• _Description of the task_
Return, unchanged and with no pictures, the lines below from the very first through the one that contains "#633 = DIRECTION".

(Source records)
━━━━━━━━━━━━━━━━

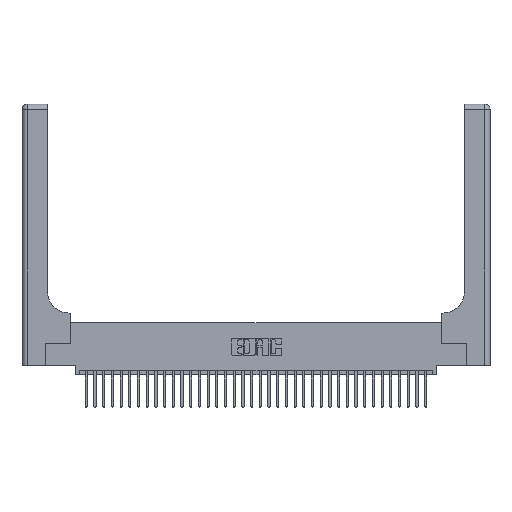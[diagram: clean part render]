
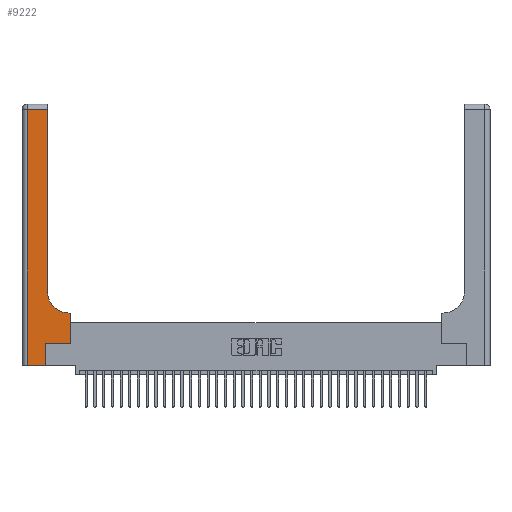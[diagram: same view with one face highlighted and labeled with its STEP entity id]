
A CAD part, top view. The second image highlights one B-rep face of the part: STEP entity #9222.
In plain terms, the highlighted planar face has unit normal (0, 0, 1).
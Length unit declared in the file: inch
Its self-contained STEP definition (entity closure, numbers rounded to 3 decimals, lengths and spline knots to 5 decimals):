
#496 = CARTESIAN_POINT ( 'NONE',  ( 0., 0., 0.37 ) ) ;
#633 = DIRECTION ( 'NONE',  ( -1., 0., 0. ) ) ;
#749 = VECTOR ( 'NONE', #19862, 39.37008 ) ;
#862 = AXIS2_PLACEMENT_3D ( 'NONE', #1611, #21792, #4524 ) ;
#1172 = EDGE_CURVE ( 'NONE', #1366, #25020, #4992, .T. ) ;
#1366 = VERTEX_POINT ( 'NONE', #32768 ) ;
#1611 = CARTESIAN_POINT ( 'NONE',  ( 0.5415, 0.85, 0.37 ) ) ;
#2120 = ORIENTED_EDGE ( 'NONE', *, *, #15791, .T. ) ;
#2229 = EDGE_CURVE ( 'NONE', #30077, #2978, #9400, .T. ) ;
#2562 = CARTESIAN_POINT ( 'NONE',  ( 0., 2.94, 0.37 ) ) ;
#2830 = CARTESIAN_POINT ( 'NONE',  ( 0., 3., 0.37 ) ) ;
#2978 = VERTEX_POINT ( 'NONE', #5074 ) ;
#3430 = DIRECTION ( 'NONE',  ( 1., 0., 0. ) ) ;
#3434 = VECTOR ( 'NONE', #34729, 39.37008 ) ;
#4524 = DIRECTION ( 'NONE',  ( 1., 0., 0. ) ) ;
#4843 = DIRECTION ( 'NONE',  ( 0., -1., 0. ) ) ;
#4992 = LINE ( 'NONE', #496, #23034 ) ;
#5074 = CARTESIAN_POINT ( 'NONE',  ( 0.5585, 0.6, 0.37 ) ) ;
#5741 = DIRECTION ( 'NONE',  ( -1., 0., 0. ) ) ;
#6194 = ORIENTED_EDGE ( 'NONE', *, *, #1172, .T. ) ;
#6368 = EDGE_CURVE ( 'NONE', #36382, #1366, #17691, .T. ) ;
#6462 = CARTESIAN_POINT ( 'NONE',  ( 0.2915, 0.6, 0.37 ) ) ;
#7305 = ORIENTED_EDGE ( 'NONE', *, *, #6368, .T. ) ;
#8178 = CARTESIAN_POINT ( 'NONE',  ( 0.5585, 0.25, 0.37 ) ) ;
#8265 = EDGE_CURVE ( 'NONE', #17846, #36382, #23769, .T. ) ;
#8523 = ORIENTED_EDGE ( 'NONE', *, *, #31574, .T. ) ;
#8687 = ORIENTED_EDGE ( 'NONE', *, *, #8265, .T. ) ;
#9222 = ADVANCED_FACE ( 'NONE', ( #29035 ), #20130, .F. ) ;
#9334 = CARTESIAN_POINT ( 'NONE',  ( 0.269, 0.25, 0.37 ) ) ;
#9400 = LINE ( 'NONE', #8178, #17061 ) ;
#10028 = VECTOR ( 'NONE', #4843, 39.37008 ) ;
#11983 = CARTESIAN_POINT ( 'NONE',  ( 0.2915, 3., 0.37 ) ) ;
#12000 = LINE ( 'NONE', #11983, #3434 ) ;
#12055 = ORIENTED_EDGE ( 'NONE', *, *, #27194, .T. ) ;
#12641 = LINE ( 'NONE', #29863, #34448 ) ;
#13020 = VERTEX_POINT ( 'NONE', #15046 ) ;
#14378 = VECTOR ( 'NONE', #633, 39.37008 ) ;
#14998 = EDGE_LOOP ( 'NONE', ( #12055, #8687, #7305, #6194, #28485, #2120, #24665, #25599, #8523 ) ) ;
#15046 = CARTESIAN_POINT ( 'NONE',  ( 0.269, 0.25, 0.37 ) ) ;
#15791 = EDGE_CURVE ( 'NONE', #13020, #30077, #30737, .T. ) ;
#17061 = VECTOR ( 'NONE', #33702, 39.37008 ) ;
#17691 = LINE ( 'NONE', #27653, #10028 ) ;
#17846 = VERTEX_POINT ( 'NONE', #18751 ) ;
#18470 = DIRECTION ( 'NONE',  ( 0., 1., 0. ) ) ;
#18751 = CARTESIAN_POINT ( 'NONE',  ( 0.2915, 2.94, 0.37 ) ) ;
#19719 = AXIS2_PLACEMENT_3D ( 'NONE', #2830, #23008, #5741 ) ;
#19862 = DIRECTION ( 'NONE',  ( -1., 0., 0. ) ) ;
#20130 = PLANE ( 'NONE',  #19719 ) ;
#21792 = DIRECTION ( 'NONE',  ( 0., 0., -1. ) ) ;
#23008 = DIRECTION ( 'NONE',  ( 0., 0., -1. ) ) ;
#23034 = VECTOR ( 'NONE', #3430, 39.37008 ) ;
#23769 = LINE ( 'NONE', #2562, #749 ) ;
#23815 = CARTESIAN_POINT ( 'NONE',  ( 0.269, 0., 0.37 ) ) ;
#23901 = CARTESIAN_POINT ( 'NONE',  ( 0.06, 2.94, 0.37 ) ) ;
#24665 = ORIENTED_EDGE ( 'NONE', *, *, #2229, .T. ) ;
#25020 = VERTEX_POINT ( 'NONE', #23815 ) ;
#25599 = ORIENTED_EDGE ( 'NONE', *, *, #32458, .T. ) ;
#25838 = CARTESIAN_POINT ( 'NONE',  ( 0.5585, 0.25, 0.37 ) ) ;
#26127 = CARTESIAN_POINT ( 'NONE',  ( 0.5415, 0.6, 0.37 ) ) ;
#26494 = DIRECTION ( 'NONE',  ( 1., 0., 0. ) ) ;
#27194 = EDGE_CURVE ( 'NONE', #36255, #17846, #12000, .T. ) ;
#27653 = CARTESIAN_POINT ( 'NONE',  ( 0.06, 3., 0.37 ) ) ;
#28485 = ORIENTED_EDGE ( 'NONE', *, *, #30377, .T. ) ;
#29035 = FACE_OUTER_BOUND ( 'NONE', #14998, .T. ) ;
#29863 = CARTESIAN_POINT ( 'NONE',  ( 0.269, 0., 0.37 ) ) ;
#30077 = VERTEX_POINT ( 'NONE', #25838 ) ;
#30377 = EDGE_CURVE ( 'NONE', #25020, #13020, #12641, .T. ) ;
#30737 = LINE ( 'NONE', #9334, #36427 ) ;
#31574 = EDGE_CURVE ( 'NONE', #33003, #36255, #32662, .T. ) ;
#32458 = EDGE_CURVE ( 'NONE', #2978, #33003, #33480, .T. ) ;
#32662 = CIRCLE ( 'NONE', #862, 0.25 ) ;
#32768 = CARTESIAN_POINT ( 'NONE',  ( 0.06, 0., 0.37 ) ) ;
#33003 = VERTEX_POINT ( 'NONE', #26127 ) ;
#33480 = LINE ( 'NONE', #6462, #14378 ) ;
#33702 = DIRECTION ( 'NONE',  ( 0., 1., 0. ) ) ;
#34448 = VECTOR ( 'NONE', #18470, 39.37008 ) ;
#34459 = CARTESIAN_POINT ( 'NONE',  ( 0.2915, 0.85, 0.37 ) ) ;
#34729 = DIRECTION ( 'NONE',  ( 0., 1., 0. ) ) ;
#36255 = VERTEX_POINT ( 'NONE', #34459 ) ;
#36382 = VERTEX_POINT ( 'NONE', #23901 ) ;
#36427 = VECTOR ( 'NONE', #26494, 39.37008 ) ;

━━━━━━━━━━━━━━━━

• _Task solution_
[diagram: clean part render]
[diagram: same view with one face highlighted and labeled with its STEP entity id]
A CAD part, top view. The second image highlights one B-rep face of the part: STEP entity #9222.
In plain terms, the highlighted planar face has unit normal (0, 0, 1).
Length unit declared in the file: inch
Its self-contained STEP definition (entity closure, numbers rounded to 3 decimals, lengths and spline knots to 5 decimals):
#496 = CARTESIAN_POINT ( 'NONE',  ( 0., 0., 0.37 ) ) ;
#633 = DIRECTION ( 'NONE',  ( -1., 0., 0. ) ) ;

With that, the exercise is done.